林陌嗯了一声。
“刚才那个徐导打来的,说是剧火了,资方要砸钱拍新本子。”
梨梨转头看他,邻居家的灯打在她的侧脸上。
“那……你还要去给别人当沙包打吗?”
之前每次当群演,林陌都带着一身淤青回来,梨梨虽然嘴上没说,但每次给他擦红花油的时候,小嘴唇都咬得紧紧。
“不当了。”
林陌往前凑了凑,盯着那双异瞳。
“这次徐导让我当男主,砍人的那种,片酬给老高了。”
他停顿了一秒,声音放得很低,带着那种病态独有的松弛和习惯性的撩拨。
“等赚了钱,就娶你过门生十个八个。”
梨梨呼吸滞了一下。
耳根子瞬间红透了。
这老光棍最近一吃药就变成了另外一个人,每一句话都往她软肋上捅,偏偏还自然得要命。
她慌乱地站起身,扯下衣架上一件挂着的旧衣服,胡乱抱在怀里。
“谁……谁要生孩子啦!”她结巴了一下,眼珠子到处乱瞟,“我!我不跟你说了,我去洗澡!”

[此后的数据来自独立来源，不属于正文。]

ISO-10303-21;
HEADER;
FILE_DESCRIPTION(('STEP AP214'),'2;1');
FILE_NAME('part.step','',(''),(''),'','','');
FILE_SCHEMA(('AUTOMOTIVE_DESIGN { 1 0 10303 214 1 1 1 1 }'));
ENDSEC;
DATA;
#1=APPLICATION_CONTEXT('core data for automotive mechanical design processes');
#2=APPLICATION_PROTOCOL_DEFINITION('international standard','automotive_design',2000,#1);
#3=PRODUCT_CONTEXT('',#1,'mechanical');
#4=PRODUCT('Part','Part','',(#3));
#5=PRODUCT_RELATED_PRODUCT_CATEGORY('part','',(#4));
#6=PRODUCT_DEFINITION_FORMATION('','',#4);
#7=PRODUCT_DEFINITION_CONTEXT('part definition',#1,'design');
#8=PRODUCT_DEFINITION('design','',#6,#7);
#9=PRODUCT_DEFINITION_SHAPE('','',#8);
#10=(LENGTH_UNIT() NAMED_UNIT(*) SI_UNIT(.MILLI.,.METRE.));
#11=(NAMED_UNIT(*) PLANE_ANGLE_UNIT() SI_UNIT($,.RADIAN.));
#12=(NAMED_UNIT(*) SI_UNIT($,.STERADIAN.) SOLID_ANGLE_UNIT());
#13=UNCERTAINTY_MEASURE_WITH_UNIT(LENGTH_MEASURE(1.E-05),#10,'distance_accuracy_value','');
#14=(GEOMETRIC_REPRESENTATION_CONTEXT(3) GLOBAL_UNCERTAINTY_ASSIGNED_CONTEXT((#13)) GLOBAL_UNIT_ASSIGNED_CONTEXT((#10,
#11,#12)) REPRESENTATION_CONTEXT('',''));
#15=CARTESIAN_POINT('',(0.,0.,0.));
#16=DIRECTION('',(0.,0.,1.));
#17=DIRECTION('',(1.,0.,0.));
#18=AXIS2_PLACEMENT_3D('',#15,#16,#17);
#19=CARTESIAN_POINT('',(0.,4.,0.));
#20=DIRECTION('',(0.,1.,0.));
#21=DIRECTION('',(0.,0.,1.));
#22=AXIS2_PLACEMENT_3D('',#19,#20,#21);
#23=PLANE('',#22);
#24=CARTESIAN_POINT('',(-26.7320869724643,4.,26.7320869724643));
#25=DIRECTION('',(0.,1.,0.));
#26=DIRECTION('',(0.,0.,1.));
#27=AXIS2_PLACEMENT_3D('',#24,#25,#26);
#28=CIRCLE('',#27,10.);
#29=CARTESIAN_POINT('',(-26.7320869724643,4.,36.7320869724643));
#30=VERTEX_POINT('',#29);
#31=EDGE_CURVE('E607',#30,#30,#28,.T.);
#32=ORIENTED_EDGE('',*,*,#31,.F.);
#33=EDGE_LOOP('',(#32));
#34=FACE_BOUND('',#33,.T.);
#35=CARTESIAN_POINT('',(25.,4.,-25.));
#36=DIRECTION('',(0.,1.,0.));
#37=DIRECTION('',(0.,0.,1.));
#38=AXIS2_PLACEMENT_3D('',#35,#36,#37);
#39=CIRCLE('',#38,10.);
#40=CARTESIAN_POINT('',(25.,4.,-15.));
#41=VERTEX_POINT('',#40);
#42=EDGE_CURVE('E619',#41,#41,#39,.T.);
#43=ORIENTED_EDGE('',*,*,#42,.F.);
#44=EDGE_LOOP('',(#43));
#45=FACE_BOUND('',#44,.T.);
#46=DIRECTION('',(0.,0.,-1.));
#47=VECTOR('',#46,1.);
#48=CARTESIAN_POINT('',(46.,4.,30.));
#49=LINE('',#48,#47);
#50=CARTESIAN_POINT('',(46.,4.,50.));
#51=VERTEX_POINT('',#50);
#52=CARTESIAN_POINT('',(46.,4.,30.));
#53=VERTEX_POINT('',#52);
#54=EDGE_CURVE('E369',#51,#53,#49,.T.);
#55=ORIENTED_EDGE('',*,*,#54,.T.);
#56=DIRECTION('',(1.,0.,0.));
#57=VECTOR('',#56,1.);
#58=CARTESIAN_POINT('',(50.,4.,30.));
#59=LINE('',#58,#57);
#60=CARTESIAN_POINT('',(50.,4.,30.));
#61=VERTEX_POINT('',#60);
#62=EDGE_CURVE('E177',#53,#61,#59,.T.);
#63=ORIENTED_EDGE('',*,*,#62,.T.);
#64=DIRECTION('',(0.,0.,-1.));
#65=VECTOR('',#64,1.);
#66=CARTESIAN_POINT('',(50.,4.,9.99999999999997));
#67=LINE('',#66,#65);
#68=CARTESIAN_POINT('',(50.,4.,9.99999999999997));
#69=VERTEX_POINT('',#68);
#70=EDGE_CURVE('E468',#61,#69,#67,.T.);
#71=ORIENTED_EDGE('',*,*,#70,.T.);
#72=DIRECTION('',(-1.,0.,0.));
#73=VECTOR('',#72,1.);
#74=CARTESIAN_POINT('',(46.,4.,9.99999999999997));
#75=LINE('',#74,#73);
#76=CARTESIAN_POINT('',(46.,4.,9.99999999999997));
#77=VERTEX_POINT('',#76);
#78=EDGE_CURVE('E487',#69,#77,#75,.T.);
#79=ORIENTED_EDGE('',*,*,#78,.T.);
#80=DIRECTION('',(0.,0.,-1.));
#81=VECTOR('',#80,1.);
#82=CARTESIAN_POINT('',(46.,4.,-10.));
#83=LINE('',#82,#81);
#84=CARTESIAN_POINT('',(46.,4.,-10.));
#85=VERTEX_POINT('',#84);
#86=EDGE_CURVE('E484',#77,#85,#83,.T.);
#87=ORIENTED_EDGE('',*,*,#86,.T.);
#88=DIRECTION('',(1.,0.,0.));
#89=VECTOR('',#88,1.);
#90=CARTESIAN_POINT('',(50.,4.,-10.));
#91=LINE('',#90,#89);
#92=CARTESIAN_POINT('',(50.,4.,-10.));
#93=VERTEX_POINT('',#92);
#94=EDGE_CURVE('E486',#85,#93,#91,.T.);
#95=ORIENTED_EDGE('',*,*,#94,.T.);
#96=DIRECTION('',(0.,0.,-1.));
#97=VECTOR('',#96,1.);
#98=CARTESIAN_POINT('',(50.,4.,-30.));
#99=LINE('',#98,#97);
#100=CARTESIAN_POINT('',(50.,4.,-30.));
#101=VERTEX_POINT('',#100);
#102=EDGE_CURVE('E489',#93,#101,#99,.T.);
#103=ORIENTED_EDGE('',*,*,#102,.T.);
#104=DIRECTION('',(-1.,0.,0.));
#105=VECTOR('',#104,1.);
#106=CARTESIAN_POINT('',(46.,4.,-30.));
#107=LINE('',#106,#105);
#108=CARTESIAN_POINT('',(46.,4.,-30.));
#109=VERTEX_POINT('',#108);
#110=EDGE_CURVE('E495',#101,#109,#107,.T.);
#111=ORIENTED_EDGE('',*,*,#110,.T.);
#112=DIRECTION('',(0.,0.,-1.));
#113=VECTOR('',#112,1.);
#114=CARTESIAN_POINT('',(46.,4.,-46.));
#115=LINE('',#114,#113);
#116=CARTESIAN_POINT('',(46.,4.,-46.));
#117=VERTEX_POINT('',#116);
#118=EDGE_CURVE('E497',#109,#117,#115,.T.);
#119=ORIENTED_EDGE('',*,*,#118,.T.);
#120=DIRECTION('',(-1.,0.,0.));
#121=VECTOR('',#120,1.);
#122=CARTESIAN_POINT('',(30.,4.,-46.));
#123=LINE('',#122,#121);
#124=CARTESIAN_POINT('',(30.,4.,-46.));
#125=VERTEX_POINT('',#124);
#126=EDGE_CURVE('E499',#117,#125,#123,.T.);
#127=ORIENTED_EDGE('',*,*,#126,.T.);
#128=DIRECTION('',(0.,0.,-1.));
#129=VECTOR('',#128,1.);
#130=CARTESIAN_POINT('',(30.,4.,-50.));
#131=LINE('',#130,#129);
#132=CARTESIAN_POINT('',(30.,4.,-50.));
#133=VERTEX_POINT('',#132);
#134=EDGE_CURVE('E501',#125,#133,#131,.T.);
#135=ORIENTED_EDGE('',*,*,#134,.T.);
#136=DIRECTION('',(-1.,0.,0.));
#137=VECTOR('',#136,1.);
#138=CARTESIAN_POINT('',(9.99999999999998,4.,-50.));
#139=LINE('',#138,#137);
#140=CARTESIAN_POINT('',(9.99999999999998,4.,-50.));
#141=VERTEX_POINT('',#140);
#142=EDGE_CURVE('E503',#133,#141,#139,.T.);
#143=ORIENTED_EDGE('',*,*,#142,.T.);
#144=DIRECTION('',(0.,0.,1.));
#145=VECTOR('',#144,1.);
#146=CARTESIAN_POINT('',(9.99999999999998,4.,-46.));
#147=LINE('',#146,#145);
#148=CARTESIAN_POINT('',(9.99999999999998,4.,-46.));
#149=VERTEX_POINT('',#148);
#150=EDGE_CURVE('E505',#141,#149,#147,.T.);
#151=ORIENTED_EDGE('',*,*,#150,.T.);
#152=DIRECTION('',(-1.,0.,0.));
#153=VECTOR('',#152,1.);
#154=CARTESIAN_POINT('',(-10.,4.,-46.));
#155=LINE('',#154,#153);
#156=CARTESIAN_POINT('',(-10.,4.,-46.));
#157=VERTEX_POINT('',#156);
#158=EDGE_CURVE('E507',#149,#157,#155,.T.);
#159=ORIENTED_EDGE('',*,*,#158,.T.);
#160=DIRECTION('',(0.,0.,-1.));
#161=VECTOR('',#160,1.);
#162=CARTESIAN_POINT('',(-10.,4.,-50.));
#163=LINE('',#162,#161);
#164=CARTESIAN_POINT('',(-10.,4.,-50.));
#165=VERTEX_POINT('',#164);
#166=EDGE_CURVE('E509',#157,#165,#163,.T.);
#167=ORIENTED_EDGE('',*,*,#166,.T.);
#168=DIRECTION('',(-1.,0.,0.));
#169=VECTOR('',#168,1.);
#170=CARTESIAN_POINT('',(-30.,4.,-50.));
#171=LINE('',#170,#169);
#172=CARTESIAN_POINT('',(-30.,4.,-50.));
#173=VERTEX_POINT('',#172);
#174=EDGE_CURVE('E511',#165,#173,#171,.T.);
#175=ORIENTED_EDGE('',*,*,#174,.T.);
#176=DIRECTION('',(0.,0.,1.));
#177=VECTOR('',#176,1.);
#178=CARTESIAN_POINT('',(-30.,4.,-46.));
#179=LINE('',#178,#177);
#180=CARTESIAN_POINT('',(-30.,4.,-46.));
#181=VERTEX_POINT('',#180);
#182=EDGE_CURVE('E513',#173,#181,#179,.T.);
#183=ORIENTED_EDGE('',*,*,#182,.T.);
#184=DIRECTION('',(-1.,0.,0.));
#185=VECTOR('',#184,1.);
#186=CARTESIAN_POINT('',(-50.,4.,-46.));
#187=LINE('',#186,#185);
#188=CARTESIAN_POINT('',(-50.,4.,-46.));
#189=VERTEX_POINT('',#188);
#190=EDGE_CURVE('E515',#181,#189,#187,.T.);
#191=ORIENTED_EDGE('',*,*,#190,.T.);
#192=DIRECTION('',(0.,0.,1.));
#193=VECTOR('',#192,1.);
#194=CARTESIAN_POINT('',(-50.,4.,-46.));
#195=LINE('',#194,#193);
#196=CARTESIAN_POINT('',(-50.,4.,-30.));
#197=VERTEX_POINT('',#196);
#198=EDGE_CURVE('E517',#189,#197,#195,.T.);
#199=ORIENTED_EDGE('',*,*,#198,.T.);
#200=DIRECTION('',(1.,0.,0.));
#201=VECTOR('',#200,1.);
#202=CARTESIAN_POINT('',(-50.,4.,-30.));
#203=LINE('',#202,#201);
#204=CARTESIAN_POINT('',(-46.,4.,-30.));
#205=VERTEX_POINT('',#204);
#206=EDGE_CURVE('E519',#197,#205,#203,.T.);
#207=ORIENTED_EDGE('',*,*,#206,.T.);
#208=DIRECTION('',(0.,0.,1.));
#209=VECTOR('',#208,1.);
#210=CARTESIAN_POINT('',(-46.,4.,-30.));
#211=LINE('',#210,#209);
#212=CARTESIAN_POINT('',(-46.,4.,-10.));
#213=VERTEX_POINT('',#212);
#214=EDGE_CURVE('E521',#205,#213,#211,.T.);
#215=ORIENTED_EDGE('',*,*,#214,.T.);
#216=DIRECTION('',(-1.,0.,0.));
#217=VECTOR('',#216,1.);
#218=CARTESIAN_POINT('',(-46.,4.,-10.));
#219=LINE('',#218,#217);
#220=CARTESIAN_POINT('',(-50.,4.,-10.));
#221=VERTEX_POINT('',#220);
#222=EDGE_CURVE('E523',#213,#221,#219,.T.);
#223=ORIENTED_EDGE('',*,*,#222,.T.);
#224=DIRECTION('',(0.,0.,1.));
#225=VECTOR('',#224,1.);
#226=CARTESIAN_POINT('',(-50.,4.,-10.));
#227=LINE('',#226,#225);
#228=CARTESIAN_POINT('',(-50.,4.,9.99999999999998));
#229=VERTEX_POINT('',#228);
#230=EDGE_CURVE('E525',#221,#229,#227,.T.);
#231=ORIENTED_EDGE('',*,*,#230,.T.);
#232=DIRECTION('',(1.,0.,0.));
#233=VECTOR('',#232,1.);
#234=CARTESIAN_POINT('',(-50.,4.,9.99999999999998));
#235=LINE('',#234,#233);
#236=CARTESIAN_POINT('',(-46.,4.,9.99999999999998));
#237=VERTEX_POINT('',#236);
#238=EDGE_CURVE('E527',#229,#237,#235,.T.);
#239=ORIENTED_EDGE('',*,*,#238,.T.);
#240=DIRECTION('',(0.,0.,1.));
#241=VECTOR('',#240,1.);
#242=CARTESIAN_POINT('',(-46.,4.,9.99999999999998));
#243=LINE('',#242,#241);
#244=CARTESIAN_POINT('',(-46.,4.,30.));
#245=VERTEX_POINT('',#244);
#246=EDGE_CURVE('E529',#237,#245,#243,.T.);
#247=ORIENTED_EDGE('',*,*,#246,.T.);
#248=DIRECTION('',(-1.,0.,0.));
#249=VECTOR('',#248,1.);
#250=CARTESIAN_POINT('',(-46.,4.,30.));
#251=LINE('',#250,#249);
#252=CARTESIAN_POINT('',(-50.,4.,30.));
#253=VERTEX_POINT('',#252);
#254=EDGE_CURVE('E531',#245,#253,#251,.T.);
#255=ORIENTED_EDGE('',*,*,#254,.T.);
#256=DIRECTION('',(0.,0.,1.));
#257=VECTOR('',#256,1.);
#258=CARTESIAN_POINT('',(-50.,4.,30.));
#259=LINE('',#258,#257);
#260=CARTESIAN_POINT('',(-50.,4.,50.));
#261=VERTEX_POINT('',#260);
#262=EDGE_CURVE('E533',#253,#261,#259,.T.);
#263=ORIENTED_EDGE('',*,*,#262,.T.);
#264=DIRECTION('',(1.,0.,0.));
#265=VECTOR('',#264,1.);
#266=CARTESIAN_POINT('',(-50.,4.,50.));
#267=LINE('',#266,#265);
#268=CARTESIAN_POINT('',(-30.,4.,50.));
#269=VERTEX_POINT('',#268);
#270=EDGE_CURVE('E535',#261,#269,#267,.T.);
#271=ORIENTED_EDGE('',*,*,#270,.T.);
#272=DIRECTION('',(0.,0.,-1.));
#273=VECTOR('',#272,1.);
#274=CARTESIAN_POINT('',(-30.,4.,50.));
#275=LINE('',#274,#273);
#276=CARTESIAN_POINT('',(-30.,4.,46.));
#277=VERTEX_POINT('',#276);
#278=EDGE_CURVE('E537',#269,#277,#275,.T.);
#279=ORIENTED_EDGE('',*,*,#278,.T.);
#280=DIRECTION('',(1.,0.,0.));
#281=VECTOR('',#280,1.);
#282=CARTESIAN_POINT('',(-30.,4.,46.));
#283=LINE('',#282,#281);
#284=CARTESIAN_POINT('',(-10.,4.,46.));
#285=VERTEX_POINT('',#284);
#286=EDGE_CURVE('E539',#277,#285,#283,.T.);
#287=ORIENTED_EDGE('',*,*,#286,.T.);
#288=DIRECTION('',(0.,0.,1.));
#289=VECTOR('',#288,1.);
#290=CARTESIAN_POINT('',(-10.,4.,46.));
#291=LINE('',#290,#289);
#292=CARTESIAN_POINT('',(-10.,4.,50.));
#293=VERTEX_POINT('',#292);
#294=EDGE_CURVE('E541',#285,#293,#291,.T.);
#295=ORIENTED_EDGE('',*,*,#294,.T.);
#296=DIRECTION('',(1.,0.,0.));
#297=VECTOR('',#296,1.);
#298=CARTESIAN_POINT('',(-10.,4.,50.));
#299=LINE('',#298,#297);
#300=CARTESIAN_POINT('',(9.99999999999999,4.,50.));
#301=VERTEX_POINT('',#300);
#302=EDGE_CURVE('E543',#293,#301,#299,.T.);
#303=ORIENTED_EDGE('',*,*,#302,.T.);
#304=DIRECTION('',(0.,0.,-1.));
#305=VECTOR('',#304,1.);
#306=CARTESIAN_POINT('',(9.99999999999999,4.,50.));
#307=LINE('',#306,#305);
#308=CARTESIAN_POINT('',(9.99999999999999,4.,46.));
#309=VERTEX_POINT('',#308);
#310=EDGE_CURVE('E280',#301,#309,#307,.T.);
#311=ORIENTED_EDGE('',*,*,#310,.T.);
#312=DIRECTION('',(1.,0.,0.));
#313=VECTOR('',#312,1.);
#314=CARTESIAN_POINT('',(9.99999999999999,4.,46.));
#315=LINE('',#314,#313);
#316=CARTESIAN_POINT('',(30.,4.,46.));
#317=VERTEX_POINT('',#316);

说完,逃命一样跑进屋里,连那扇磨砂玻璃的卫生间门都关得震天响。
林陌蹲在阳台,靠着满是铁锈的栏杆,仰头看着头顶那几颗要死不活的星星,闷声笑了起来。
笑声被城中村的杂音吞没,他捏了捏自己的指骨。
......
与此同时。
距离这片城中村十多公里外的竖店影视城边缘,某个地下停车场内。
灯光昏暗。
一辆黑色进口防弹房车静静停在最里侧的VIP车位上。
车窗全贴着最高级别的防窥膜,从外面看,就是一头巨大的黑色钢铁怪兽。
房车内部,冷气开得很足,甚至有些冻人,车载音响里放着低沉的古典乐,酒柜里的水晶杯在氛围灯下折射出冰冷的色泽。
沈娇光脚踩在长毛地毯上。
身上就挂着一件黑色的真丝吊带睡裙,下摆短得勉强遮住大腿根,两条腿上裹着一层薄薄的黑丝,脚腕处还特意挑破了一个硬币大小的洞,透着股精心算计的野性。
她手里端着半杯红酒,液体在杯壁上缓慢挂霜。
坐在她对面的真皮沙发上的,是个大概五十出头的男人。